Skip to main content

Introduction to Python Zipf Distribution

Python Zipf Distribution

The Zipf distribution is characterized by a single parameter called the exponent (s), which controls the shape of the distribution. The exponent determines the rate at which the frequencies of elements decrease.

The probability mass function (PMF) of the Zipf distribution is given by:

P(k) = (1 / (k^s * H(N, s)))

Where k is the rank of the element, N is the total number of elements, and H(N, s) is the generalized harmonic number.

In Python, you can work with the Zipf distribution using the scipy.stats.zipf module from the SciPy library.

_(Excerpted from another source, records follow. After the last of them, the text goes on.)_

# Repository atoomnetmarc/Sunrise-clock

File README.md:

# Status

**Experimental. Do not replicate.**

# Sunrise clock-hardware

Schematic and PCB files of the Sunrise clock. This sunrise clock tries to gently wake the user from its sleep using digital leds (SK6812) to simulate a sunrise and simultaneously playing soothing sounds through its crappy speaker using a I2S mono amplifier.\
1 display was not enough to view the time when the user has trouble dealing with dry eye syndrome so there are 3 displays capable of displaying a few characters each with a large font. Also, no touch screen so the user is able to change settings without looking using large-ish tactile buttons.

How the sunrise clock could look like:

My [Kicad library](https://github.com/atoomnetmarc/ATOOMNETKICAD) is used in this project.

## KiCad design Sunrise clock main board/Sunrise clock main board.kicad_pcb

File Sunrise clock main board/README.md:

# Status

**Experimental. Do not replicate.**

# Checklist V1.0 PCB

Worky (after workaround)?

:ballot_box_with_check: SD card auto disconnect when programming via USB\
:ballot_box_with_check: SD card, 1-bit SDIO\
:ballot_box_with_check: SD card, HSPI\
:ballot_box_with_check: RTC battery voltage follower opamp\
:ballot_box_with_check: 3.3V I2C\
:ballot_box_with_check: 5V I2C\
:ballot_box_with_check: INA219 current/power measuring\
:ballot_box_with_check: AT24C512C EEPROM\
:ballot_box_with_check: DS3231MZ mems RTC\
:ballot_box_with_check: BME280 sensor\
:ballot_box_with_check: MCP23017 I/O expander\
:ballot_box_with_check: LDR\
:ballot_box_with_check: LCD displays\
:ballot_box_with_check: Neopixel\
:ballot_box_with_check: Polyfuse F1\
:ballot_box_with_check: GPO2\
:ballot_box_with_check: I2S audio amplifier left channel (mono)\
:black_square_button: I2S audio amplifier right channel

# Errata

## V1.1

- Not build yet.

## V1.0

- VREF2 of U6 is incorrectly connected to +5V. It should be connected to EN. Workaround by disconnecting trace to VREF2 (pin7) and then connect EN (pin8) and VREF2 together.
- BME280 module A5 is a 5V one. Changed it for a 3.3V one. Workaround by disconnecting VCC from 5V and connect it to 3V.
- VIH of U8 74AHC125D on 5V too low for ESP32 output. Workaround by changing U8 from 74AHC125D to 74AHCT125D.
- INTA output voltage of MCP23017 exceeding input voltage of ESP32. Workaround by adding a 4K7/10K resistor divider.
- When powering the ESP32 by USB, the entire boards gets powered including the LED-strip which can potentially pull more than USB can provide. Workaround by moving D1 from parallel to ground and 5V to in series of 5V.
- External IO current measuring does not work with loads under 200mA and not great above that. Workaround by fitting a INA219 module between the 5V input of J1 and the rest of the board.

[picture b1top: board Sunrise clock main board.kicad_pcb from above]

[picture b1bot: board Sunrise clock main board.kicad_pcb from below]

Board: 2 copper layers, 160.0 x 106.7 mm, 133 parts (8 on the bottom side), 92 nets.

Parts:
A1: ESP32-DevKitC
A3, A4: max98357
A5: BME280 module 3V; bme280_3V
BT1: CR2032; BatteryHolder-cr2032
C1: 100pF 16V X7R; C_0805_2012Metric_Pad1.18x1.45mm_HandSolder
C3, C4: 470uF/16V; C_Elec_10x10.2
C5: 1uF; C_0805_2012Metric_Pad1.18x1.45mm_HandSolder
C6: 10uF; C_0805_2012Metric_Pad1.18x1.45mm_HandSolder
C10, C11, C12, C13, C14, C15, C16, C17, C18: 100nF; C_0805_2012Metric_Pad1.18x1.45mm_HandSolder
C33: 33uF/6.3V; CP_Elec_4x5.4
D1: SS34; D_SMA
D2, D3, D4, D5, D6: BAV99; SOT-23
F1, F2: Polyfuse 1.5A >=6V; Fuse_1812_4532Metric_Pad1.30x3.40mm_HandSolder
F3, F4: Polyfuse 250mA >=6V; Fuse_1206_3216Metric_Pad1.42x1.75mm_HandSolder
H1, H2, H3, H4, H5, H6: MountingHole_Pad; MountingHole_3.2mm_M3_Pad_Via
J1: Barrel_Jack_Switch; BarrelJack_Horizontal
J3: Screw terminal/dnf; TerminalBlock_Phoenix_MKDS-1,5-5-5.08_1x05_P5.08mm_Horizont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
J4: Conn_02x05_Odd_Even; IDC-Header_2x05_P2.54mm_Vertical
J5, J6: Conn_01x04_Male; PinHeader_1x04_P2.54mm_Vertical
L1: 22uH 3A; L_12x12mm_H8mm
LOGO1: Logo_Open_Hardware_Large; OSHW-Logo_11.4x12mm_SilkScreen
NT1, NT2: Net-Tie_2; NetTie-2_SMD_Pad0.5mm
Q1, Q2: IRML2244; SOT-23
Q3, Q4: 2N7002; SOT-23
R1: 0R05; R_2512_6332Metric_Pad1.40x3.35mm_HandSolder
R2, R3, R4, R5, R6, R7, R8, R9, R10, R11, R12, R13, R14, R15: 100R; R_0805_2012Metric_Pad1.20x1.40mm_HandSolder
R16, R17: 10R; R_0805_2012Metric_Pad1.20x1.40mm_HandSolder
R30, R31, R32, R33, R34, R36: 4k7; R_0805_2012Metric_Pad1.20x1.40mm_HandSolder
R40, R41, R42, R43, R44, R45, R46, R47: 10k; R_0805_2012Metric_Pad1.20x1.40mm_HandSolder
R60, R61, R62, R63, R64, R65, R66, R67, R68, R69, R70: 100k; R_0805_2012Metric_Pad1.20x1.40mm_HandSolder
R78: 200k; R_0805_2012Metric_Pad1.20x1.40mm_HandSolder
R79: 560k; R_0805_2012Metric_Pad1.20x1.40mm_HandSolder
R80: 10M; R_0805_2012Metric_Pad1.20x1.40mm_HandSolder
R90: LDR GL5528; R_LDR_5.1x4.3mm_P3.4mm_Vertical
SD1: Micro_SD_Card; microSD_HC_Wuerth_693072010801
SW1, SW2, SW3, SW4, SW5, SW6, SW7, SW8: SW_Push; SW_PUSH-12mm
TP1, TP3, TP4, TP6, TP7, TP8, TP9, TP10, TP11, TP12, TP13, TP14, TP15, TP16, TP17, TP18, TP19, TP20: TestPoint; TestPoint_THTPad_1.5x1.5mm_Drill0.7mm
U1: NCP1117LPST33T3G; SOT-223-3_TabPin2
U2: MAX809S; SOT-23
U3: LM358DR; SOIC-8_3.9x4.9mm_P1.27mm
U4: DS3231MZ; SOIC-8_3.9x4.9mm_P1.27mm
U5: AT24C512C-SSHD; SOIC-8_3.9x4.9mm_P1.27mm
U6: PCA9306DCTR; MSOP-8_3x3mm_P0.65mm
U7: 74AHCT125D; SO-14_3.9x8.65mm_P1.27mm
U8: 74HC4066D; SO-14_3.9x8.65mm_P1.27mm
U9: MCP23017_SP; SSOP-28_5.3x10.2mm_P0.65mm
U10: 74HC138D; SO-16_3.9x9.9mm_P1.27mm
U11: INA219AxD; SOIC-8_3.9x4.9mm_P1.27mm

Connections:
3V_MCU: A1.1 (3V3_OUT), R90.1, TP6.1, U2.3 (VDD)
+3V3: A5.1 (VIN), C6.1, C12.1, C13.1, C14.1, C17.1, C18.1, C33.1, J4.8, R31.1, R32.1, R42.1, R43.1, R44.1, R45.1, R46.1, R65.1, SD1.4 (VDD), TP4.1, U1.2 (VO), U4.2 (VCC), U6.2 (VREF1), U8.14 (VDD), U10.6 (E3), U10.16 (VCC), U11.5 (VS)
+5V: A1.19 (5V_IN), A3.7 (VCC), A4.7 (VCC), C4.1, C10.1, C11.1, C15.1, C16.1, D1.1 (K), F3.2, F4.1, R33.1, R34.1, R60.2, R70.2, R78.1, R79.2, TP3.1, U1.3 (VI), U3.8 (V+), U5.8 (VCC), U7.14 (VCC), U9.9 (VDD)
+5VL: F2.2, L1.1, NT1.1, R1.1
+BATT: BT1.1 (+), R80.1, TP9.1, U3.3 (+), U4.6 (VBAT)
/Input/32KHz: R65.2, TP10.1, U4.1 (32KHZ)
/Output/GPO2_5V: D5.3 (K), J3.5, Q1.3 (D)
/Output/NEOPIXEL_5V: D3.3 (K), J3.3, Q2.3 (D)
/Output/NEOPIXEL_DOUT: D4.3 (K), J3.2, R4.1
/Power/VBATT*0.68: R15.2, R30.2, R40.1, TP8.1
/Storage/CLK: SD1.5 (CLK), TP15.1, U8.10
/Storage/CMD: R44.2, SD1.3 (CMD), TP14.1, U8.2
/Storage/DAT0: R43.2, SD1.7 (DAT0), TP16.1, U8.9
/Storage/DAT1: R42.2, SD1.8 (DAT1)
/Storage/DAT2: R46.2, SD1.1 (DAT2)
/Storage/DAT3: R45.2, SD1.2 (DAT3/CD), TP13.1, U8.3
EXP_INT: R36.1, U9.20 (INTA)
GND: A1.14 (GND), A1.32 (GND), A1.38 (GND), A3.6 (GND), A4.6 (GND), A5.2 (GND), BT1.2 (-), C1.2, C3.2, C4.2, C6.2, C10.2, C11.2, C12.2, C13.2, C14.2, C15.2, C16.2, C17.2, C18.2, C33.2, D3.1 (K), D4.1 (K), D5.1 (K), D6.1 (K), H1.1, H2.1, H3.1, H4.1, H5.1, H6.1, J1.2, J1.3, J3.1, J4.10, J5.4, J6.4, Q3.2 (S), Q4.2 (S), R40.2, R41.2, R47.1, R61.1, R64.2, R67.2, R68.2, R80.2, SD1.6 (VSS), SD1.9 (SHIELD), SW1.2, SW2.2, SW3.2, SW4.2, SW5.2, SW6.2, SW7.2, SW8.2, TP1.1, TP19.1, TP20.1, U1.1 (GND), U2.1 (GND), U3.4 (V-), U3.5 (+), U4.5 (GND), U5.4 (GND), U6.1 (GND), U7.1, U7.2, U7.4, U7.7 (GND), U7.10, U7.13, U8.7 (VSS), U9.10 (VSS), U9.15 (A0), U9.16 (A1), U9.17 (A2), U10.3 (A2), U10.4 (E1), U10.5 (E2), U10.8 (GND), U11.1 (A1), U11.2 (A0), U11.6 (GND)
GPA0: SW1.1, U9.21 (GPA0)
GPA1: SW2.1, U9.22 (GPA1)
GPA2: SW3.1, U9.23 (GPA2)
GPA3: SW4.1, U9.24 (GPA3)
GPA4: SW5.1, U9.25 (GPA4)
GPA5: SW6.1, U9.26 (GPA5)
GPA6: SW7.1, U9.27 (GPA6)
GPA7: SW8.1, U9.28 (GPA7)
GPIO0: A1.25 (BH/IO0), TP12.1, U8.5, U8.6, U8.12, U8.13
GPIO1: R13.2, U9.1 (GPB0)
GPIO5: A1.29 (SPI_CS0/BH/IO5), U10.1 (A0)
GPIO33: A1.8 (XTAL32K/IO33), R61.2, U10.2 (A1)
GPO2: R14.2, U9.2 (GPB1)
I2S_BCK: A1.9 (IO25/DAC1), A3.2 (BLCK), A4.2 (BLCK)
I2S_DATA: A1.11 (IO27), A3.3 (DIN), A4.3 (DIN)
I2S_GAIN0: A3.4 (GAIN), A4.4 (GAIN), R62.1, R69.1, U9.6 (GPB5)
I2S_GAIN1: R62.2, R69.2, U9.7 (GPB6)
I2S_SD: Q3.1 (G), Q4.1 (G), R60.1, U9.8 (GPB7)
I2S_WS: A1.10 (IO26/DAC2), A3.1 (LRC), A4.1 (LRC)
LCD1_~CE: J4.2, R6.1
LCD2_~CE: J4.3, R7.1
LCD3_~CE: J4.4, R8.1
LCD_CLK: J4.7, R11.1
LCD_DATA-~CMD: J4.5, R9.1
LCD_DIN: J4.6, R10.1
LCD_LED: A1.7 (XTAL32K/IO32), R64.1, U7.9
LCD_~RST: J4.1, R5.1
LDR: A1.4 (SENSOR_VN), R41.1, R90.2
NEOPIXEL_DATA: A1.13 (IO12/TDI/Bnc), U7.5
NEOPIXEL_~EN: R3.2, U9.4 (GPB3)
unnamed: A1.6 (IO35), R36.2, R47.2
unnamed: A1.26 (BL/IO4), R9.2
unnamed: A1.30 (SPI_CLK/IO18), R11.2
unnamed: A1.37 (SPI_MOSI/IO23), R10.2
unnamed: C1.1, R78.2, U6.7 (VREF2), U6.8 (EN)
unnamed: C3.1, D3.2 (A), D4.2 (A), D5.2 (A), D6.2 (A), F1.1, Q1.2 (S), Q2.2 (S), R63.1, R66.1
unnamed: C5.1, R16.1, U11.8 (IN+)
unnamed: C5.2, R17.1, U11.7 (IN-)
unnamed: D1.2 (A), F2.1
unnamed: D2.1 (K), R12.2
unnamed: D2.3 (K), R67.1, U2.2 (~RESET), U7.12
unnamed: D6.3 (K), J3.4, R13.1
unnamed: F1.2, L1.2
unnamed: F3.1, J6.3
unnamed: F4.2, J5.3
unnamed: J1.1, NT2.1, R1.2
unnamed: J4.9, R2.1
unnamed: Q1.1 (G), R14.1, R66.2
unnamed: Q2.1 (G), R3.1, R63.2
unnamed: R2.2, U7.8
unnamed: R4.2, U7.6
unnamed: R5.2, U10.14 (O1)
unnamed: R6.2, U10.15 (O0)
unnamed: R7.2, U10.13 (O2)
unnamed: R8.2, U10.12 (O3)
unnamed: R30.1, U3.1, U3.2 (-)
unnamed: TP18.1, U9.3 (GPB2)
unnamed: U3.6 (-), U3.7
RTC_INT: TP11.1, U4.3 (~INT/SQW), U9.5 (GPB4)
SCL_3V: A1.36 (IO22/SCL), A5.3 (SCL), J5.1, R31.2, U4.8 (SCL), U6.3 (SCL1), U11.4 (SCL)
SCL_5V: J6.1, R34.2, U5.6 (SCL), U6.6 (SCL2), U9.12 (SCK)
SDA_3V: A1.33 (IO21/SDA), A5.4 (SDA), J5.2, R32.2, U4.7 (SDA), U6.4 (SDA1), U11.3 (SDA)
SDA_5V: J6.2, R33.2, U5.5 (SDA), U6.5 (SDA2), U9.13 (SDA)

This module provides various functions to analyze and generate random numbers from a Zipf distribution.

As an example:

import numpy as np
import matplotlib.pyplot as plt
from scipy.stats import zipf

# Define the exponent
s = 2

# Generate random numbers from a Zipf distribution
size = 1000
random_numbers = zipf.rvs(s, size=size)

# Plot the histogram of the generated random numbers
plt.hist(random_numbers, bins='auto', density=True)
plt.xlabel('Rank')
plt.ylabel('Frequency')
plt.title('Zipf Distribution (s={})'.format(s))
plt.show()

In this example:

  • zipf.rvs(s, size=size) generates an array of 1000 random numbers from a Zipf distribution with an exponent of 2.
  • The resulting array random_numbers will contain the generated random numbers.
  • The code then plots the histogram of the generated random numbers to visualize the frequency of occurrence.
tip

It's worth noting that the Zipf distribution is often used to model phenomena that exhibit a skewed distribution of frequencies, such as word frequencies in natural language, popularity of websites, and city populations.